→ **Problem to work on**: Below are entries; output exactly the lines from the one with "#26=DIRECTION('',(-1.,0.,0.));" to the one with "#45=FACE_BOUND('',#44,.T.);", both included, and nothing else.

→ **Supplied information**:
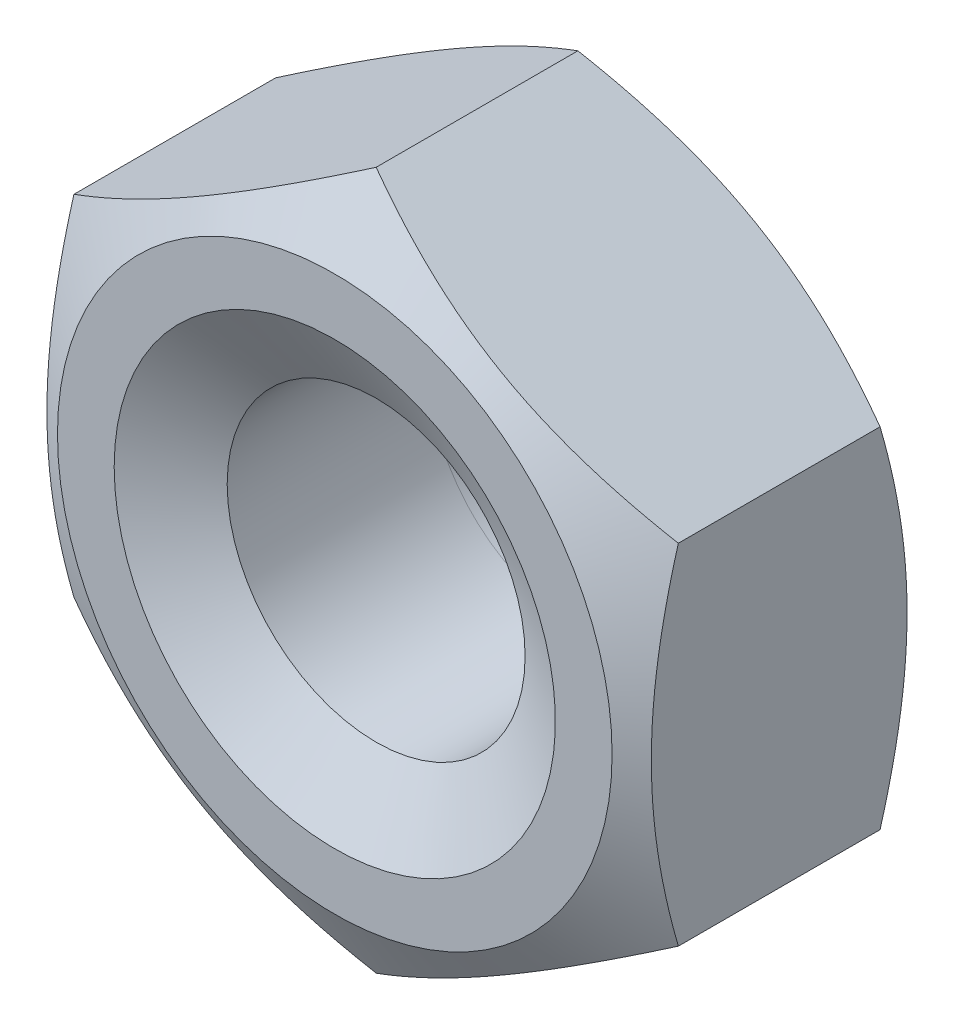
ISO-10303-21;
HEADER;
FILE_DESCRIPTION(('STEP AP214'),'2;1');
FILE_NAME('part.step','',(''),(''),'','','');
FILE_SCHEMA(('AUTOMOTIVE_DESIGN { 1 0 10303 214 1 1 1 1 }'));
ENDSEC;
DATA;
#1=APPLICATION_CONTEXT('core data for automotive mechanical design processes');
#2=APPLICATION_PROTOCOL_DEFINITION('international standard','automotive_design',2000,#1);
#3=PRODUCT_CONTEXT('',#1,'mechanical');
#4=PRODUCT('Part','Part','',(#3));
#5=PRODUCT_RELATED_PRODUCT_CATEGORY('part','',(#4));
#6=PRODUCT_DEFINITION_FORMATION('','',#4);
#7=PRODUCT_DEFINITION_CONTEXT('part definition',#1,'design');
#8=PRODUCT_DEFINITION('design','',#6,#7);
#9=PRODUCT_DEFINITION_SHAPE('','',#8);
#10=(LENGTH_UNIT() NAMED_UNIT(*) SI_UNIT(.MILLI.,.METRE.));
#11=(NAMED_UNIT(*) PLANE_ANGLE_UNIT() SI_UNIT($,.RADIAN.));
#12=(NAMED_UNIT(*) SI_UNIT($,.STERADIAN.) SOLID_ANGLE_UNIT());
#13=UNCERTAINTY_MEASURE_WITH_UNIT(LENGTH_MEASURE(1.E-05),#10,'distance_accuracy_value','');
#14=(GEOMETRIC_REPRESENTATION_CONTEXT(3) GLOBAL_UNCERTAINTY_ASSIGNED_CONTEXT((#13)) GLOBAL_UNIT_ASSIGNED_CONTEXT((#10,
#11,#12)) REPRESENTATION_CONTEXT('',''));
#15=CARTESIAN_POINT('',(0.,0.,0.));
#16=DIRECTION('',(0.,0.,1.));
#17=DIRECTION('',(1.,0.,0.));
#18=AXIS2_PLACEMENT_3D('',#15,#16,#17);
#19=CARTESIAN_POINT('',(0.,0.,0.));
#20=DIRECTION('',(0.,0.,-1.));
#21=DIRECTION('',(-1.,0.,0.));
#22=AXIS2_PLACEMENT_3D('',#19,#20,#21);
#23=CONICAL_SURFACE('',#22,6.20495457622364,1.0471975511966);
#24=CARTESIAN_POINT('',(0.,0.,1.16333456698759));
#25=DIRECTION('',(0.,0.,-1.));
#26=DIRECTION('',(-1.,0.,0.));
#27=AXIS2_PLACEMENT_3D('',#24,#25,#26);
#28=CIRCLE('',#27,4.19);
#29=CARTESIAN_POINT('',(-4.19,0.,1.16333456698759));
#30=VERTEX_POINT('',#29);
#31=EDGE_CURVE('E11',#30,#30,#28,.T.);
#32=ORIENTED_EDGE('',*,*,#31,.T.);
#33=EDGE_LOOP('',(#32));
#34=FACE_BOUND('',#33,.T.);
#35=CARTESIAN_POINT('',(0.,0.,0.));
#36=DIRECTION('',(0.,0.,-1.));
#37=DIRECTION('',(-1.,0.,0.));
#38=AXIS2_PLACEMENT_3D('',#35,#36,#37);
#39=CIRCLE('',#38,6.20495457622364);
#40=CARTESIAN_POINT('',(-6.20495457622364,0.,0.));
#41=VERTEX_POINT('',#40);
#42=EDGE_CURVE('E69',#41,#41,#39,.T.);
#43=ORIENTED_EDGE('',*,*,#42,.F.);
#44=EDGE_LOOP('',(#43));
#45=FACE_BOUND('',#44,.T.);
#46=ADVANCED_FACE('F56',(#34,#45),#23,.T.);
#47=CARTESIAN_POINT('',(0.,0.,0.));
#48=DIRECTION('',(0.,0.,-1.));
#49=DIRECTION('',(-1.,0.,0.));
#50=AXIS2_PLACEMENT_3D('',#47,#48,#49);
#51=CYLINDRICAL_SURFACE('',#50,4.19);
#52=CARTESIAN_POINT('',(0.,0.,0.));
#53=DIRECTION('',(0.,0.,-1.));
#54=DIRECTION('',(-1.,0.,0.));
#55=AXIS2_PLACEMENT_3D('',#52,#53,#54);
#56=CIRCLE('',#55,4.19);
#57=CARTESIAN_POINT('',(-4.19,0.,0.));
#58=VERTEX_POINT('',#57);
#59=EDGE_CURVE('E63',#58,#58,#56,.T.);
#60=ORIENTED_EDGE('',*,*,#59,.T.);
#61=EDGE_LOOP('',(#60));
#62=FACE_BOUND('',#61,.T.);
#63=ORIENTED_EDGE('',*,*,#31,.F.);
#64=EDGE_LOOP('',(#63));
#65=FACE_BOUND('',#64,.T.);
#66=ADVANCED_FACE('F83',(#62,#65),#51,.F.);
#67=CARTESIAN_POINT('',(0.,0.,0.));
#68=DIRECTION('',(0.,0.,1.));
#69=DIRECTION('',(1.,0.,0.));
#70=AXIS2_PLACEMENT_3D('',#67,#68,#69);
#71=PLANE('',#70);
#72=ORIENTED_EDGE('',*,*,#59,.F.);
#73=EDGE_LOOP('',(#72));
#74=FACE_BOUND('',#73,.T.);
#75=ORIENTED_EDGE('',*,*,#42,.T.);
#76=EDGE_LOOP('',(#75));
#77=FACE_BOUND('',#76,.T.);
#78=ADVANCED_FACE('F80',(#74,#77),#71,.F.);
#79=CLOSED_SHELL('',(#46,#66,#78));
#80=MANIFOLD_SOLID_BREP('B2_NOT_SHOWN',#79);
#81=CARTESIAN_POINT('',(-8.5,14.7224318643355,8.));
#82=DIRECTION('',(0.,0.,1.));
#83=DIRECTION('',(1.,0.,0.));
#84=AXIS2_PLACEMENT_3D('',#81,#82,#83);
#85=PLANE('',#84);
#86=CARTESIAN_POINT('',(0.,0.,8.));
#87=DIRECTION('',(0.,0.,-1.));
#88=DIRECTION('',(-1.,0.,0.));
#89=AXIS2_PLACEMENT_3D('',#86,#87,#88);
#90=CIRCLE('',#89,6.20495457622364);
#91=CARTESIAN_POINT('',(-6.20495457622364,0.,8.));
#92=VERTEX_POINT('',#91);
#93=EDGE_CURVE('E377',#92,#92,#90,.T.);
#94=ORIENTED_EDGE('',*,*,#93,.T.);
#95=EDGE_LOOP('',(#94));
#96=FACE_BOUND('',#95,.T.);
#97=CARTESIAN_POINT('',(0.,0.,8.));
#98=DIRECTION('',(0.,0.,-1.));
#99=DIRECTION('',(-1.,0.,0.));
#100=AXIS2_PLACEMENT_3D('',#97,#98,#99);
#101=CIRCLE('',#100,7.8);
#102=CARTESIAN_POINT('',(-7.8,0.,8.));
#103=VERTEX_POINT('',#102);
#104=EDGE_CURVE('E397',#103,#103,#101,.T.);
#105=ORIENTED_EDGE('',*,*,#104,.F.);
#106=EDGE_LOOP('',(#105));
#107=FACE_BOUND('',#106,.T.);
#108=ADVANCED_FACE('F135',(#96,#107),#85,.T.);
#109=CARTESIAN_POINT('',(8.5,4.90747728811182,8.));
#110=DIRECTION('',(-0.5,-0.866025403784439,0.));
#111=DIRECTION('',(0.866025403784439,-0.5,0.));
#112=AXIS2_PLACEMENT_3D('',#109,#110,#111);
#113=PLANE('',#112);
#114=DIRECTION('',(0.,0.,-1.));
#115=VECTOR('',#114,1.);
#116=CARTESIAN_POINT('',(8.5,4.90747728811182,8.));
#117=LINE('',#116,#115);
#118=CARTESIAN_POINT('',(8.5,4.90747728811182,6.83666543301241));
#119=VERTEX_POINT('',#118);
#120=CARTESIAN_POINT('',(8.5,4.90747728811182,1.16333456698759));
#121=VERTEX_POINT('',#120);
#122=EDGE_CURVE('E328',#119,#121,#117,.T.);
#123=ORIENTED_EDGE('',*,*,#122,.T.);
#124=CARTESIAN_POINT('',(8.5002,4.90736181805798,1.16340123483071));
#125=CARTESIAN_POINT('',(8.31336077237731,5.01523349642113,1.10113132768166));
#126=CARTESIAN_POINT('',(8.1258249420654,5.1235073585344,1.04168748418008));
#127=CARTESIAN_POINT('',(7.74923024542823,5.34093440801326,0.929230299192993));
#128=CARTESIAN_POINT('',(7.56017075895663,5.45008795342049,0.876219733415823));
#129=CARTESIAN_POINT('',(6.9899652414386,5.77929626245294,0.727878578163194));
#130=CARTESIAN_POINT('',(6.60656835850853,6.00065055601907,0.643504116370523));
#131=CARTESIAN_POINT('',(6.03282233512584,6.33190297706555,0.544565204127492));
#132=CARTESIAN_POINT('',(5.84418723571481,6.44081150248912,0.516380387880935));
#133=CARTESIAN_POINT('',(5.46606397867089,6.65912106673029,0.469119273198939));
#134=CARTESIAN_POINT('',(5.27657589790345,6.76852206116959,0.450042169985699));
#135=CARTESIAN_POINT('',(4.89727347240179,6.98751241863725,0.421479961098541));
#136=CARTESIAN_POINT('',(4.7074597439177,7.09710142587343,0.41198396990407));
#137=CARTESIAN_POINT('',(4.32765694543931,7.3163806738139,0.402787568071793));
#138=CARTESIAN_POINT('',(4.13766788104353,7.42607091128589,0.403086854800002));
#139=CARTESIAN_POINT('',(3.78247698881905,7.6311404685254,0.412799664006246));
#140=CARTESIAN_POINT('',(3.6172500947862,7.72653426027263,0.421028357030297));
#141=CARTESIAN_POINT('',(3.28718328645605,7.9170984209126,0.444734429489645));
#142=CARTESIAN_POINT('',(3.12234339899756,8.01226877430995,0.460212297551543));
#143=CARTESIAN_POINT('',(2.62846189929869,8.29741139110887,0.517153809291383));
#144=CARTESIAN_POINT('',(2.30029449767179,8.48687892877742,0.56911824971035));
#145=CARTESIAN_POINT('',(1.64047857245564,8.86782383081656,0.699030128955685));
#146=CARTESIAN_POINT('',(1.30891425770532,9.05925257719133,0.777528258304779));
#147=CARTESIAN_POINT('',(0.650730106539539,9.43925537404324,0.955686528405369));
#148=CARTESIAN_POINT('',(0.324101841568922,9.62783429074897,1.05530482456272));
#149=CARTESIAN_POINT('',(-0.000199999999997153,9.81507004627748,1.16340123483071));
#150=B_SPLINE_CURVE_WITH_KNOTS('',3,(#124,#125,#126,#127,#128,#129,#130,#131,#132,#133,#134,
#135,#136,#137,#138,#139,#140,#141,#142,#143,#144,#145,#146,#147,#148,#149),.UNSPECIFIED.,.F.,
.F.,(4,2,2,2,2,2,2,2,2,2,2,2,4),(0.,0.673596396411509,1.34748239783842,2.69805431639326,
3.356799954547,4.01548737369114,4.67342558367776,5.33134346608656,5.9040955679884,
6.47688628148364,7.62328361419565,8.79510569878586,9.9646274374873),.UNSPECIFIED.);
#151=CARTESIAN_POINT('',(0.,9.81495457622364,1.16333456698759));
#152=VERTEX_POINT('',#151);
#153=EDGE_CURVE('E158',#121,#152,#150,.T.);
#154=ORIENTED_EDGE('',*,*,#153,.T.);
#155=DIRECTION('',(0.,0.,-1.));
#156=VECTOR('',#155,1.);
#157=CARTESIAN_POINT('',(0.,9.81495457622364,8.));
#158=LINE('',#157,#156);
#159=CARTESIAN_POINT('',(0.,9.81495457622364,6.83666543301241));
#160=VERTEX_POINT('',#159);
#161=EDGE_CURVE('E212',#160,#152,#158,.T.);
#162=ORIENTED_EDGE('',*,*,#161,.F.);
#163=CARTESIAN_POINT('',(-0.000199999999998283,9.81507004627748,6.83659876516929));
#164=CARTESIAN_POINT('',(0.186639227622692,9.70719836791434,6.89886867231834));
#165=CARTESIAN_POINT('',(0.374175057934598,9.59892450580106,6.95831251581992));
#166=CARTESIAN_POINT('',(0.750769754571765,9.3814974563222,7.07076970080701));
#167=CARTESIAN_POINT('',(0.93982924104337,9.27234391091497,7.12378026658418));
#168=CARTESIAN_POINT('',(1.5100347585614,8.94313560188252,7.2721214218368));
#169=CARTESIAN_POINT('',(1.89343164149147,8.72178130831638,7.35649588362948));
#170=CARTESIAN_POINT('',(2.46717766487416,8.39052888726991,7.45543479587251));
#171=CARTESIAN_POINT('',(2.65581276428519,8.28162036184634,7.48361961211907));
#172=CARTESIAN_POINT('',(3.03393602132911,8.06331079760518,7.53088072680106));
#173=CARTESIAN_POINT('',(3.22342410209655,7.95390980316587,7.5499578300143));
#174=CARTESIAN_POINT('',(3.60272652759821,7.73491944569821,7.57852003890146));
#175=CARTESIAN_POINT('',(3.7925402560823,7.62533043846203,7.58801603009593));
#176=CARTESIAN_POINT('',(4.17234305456069,7.40605119052156,7.59721243192821));
#177=CARTESIAN_POINT('',(4.36233211895647,7.29636095304957,7.5969131452));
#178=CARTESIAN_POINT('',(4.71752301118095,7.09129139581006,7.58720033599375));
#179=CARTESIAN_POINT('',(4.8827499052138,6.99589760406283,7.5789716429697));
#180=CARTESIAN_POINT('',(5.21281671354395,6.80533344342286,7.55526557051035));
#181=CARTESIAN_POINT('',(5.37765660100244,6.71016309002551,7.53978770244846));
#182=CARTESIAN_POINT('',(5.87153810070131,6.42502047322659,7.48284619070862));
#183=CARTESIAN_POINT('',(6.19970550232821,6.23555293555804,7.43088175028965));
#184=CARTESIAN_POINT('',(6.85952142754436,5.8546080335189,7.30096987104432));
#185=CARTESIAN_POINT('',(7.19108574229468,5.66317928714413,7.22247174169522));
#186=CARTESIAN_POINT('',(7.84926989346046,5.28317649029222,7.04431347159463));
#187=CARTESIAN_POINT('',(8.17589815843108,5.09459757358649,6.94469517543729));
#188=CARTESIAN_POINT('',(8.5002,4.90736181805798,6.83659876516929));
#189=B_SPLINE_CURVE_WITH_KNOTS('',3,(#163,#164,#165,#166,#167,#168,#169,#170,#171,#172,#173,
#174,#175,#176,#177,#178,#179,#180,#181,#182,#183,#184,#185,#186,#187,#188),.UNSPECIFIED.,.F.,
.F.,(4,2,2,2,2,2,2,2,2,2,2,2,4),(0.,0.673596396411509,1.34748239783842,2.69805431639326,
3.356799954547,4.01548737369114,4.67342558367776,5.33134346608656,5.9040955679884,
6.47688628148364,7.62328361419565,8.79510569878586,9.9646274374873),.UNSPECIFIED.);
#190=EDGE_CURVE('E316',#160,#119,#189,.T.);
#191=ORIENTED_EDGE('',*,*,#190,.T.);
#192=EDGE_LOOP('',(#123,#154,#162,#191));
#193=FACE_BOUND('',#192,.T.);
#194=ADVANCED_FACE('F137',(#193),#113,.F.);
#195=CARTESIAN_POINT('',(0.,9.81495457622364,8.));
#196=DIRECTION('',(0.5,-0.866025403784439,0.));
#197=DIRECTION('',(0.866025403784439,0.5,0.));
#198=AXIS2_PLACEMENT_3D('',#195,#196,#197);
#199=PLANE('',#198);
#200=ORIENTED_EDGE('',*,*,#161,.T.);
#201=CARTESIAN_POINT('',(0.000200000000001764,9.81507004627748,1.16340123483071));
#202=CARTESIAN_POINT('',(-0.18663922762269,9.70719836791434,1.10113132768166));
#203=CARTESIAN_POINT('',(-0.374175057934596,9.59892450580106,1.04168748418008));
#204=CARTESIAN_POINT('',(-0.750769754571762,9.3814974563222,0.929230299192994));
#205=CARTESIAN_POINT('',(-0.939829241043366,9.27234391091497,0.876219733415823));
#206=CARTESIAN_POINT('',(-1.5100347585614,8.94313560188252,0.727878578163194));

→ **Completed exercise**:
#26=DIRECTION('',(-1.,0.,0.));
#27=AXIS2_PLACEMENT_3D('',#24,#25,#26);
#28=CIRCLE('',#27,4.19);
#29=CARTESIAN_POINT('',(-4.19,0.,1.16333456698759));
#30=VERTEX_POINT('',#29);
#31=EDGE_CURVE('E11',#30,#30,#28,.T.);
#32=ORIENTED_EDGE('',*,*,#31,.T.);
#33=EDGE_LOOP('',(#32));
#34=FACE_BOUND('',#33,.T.);
#35=CARTESIAN_POINT('',(0.,0.,0.));
#36=DIRECTION('',(0.,0.,-1.));
#37=DIRECTION('',(-1.,0.,0.));
#38=AXIS2_PLACEMENT_3D('',#35,#36,#37);
#39=CIRCLE('',#38,6.20495457622364);
#40=CARTESIAN_POINT('',(-6.20495457622364,0.,0.));
#41=VERTEX_POINT('',#40);
#42=EDGE_CURVE('E69',#41,#41,#39,.T.);
#43=ORIENTED_EDGE('',*,*,#42,.F.);
#44=EDGE_LOOP('',(#43));
#45=FACE_BOUND('',#44,.T.);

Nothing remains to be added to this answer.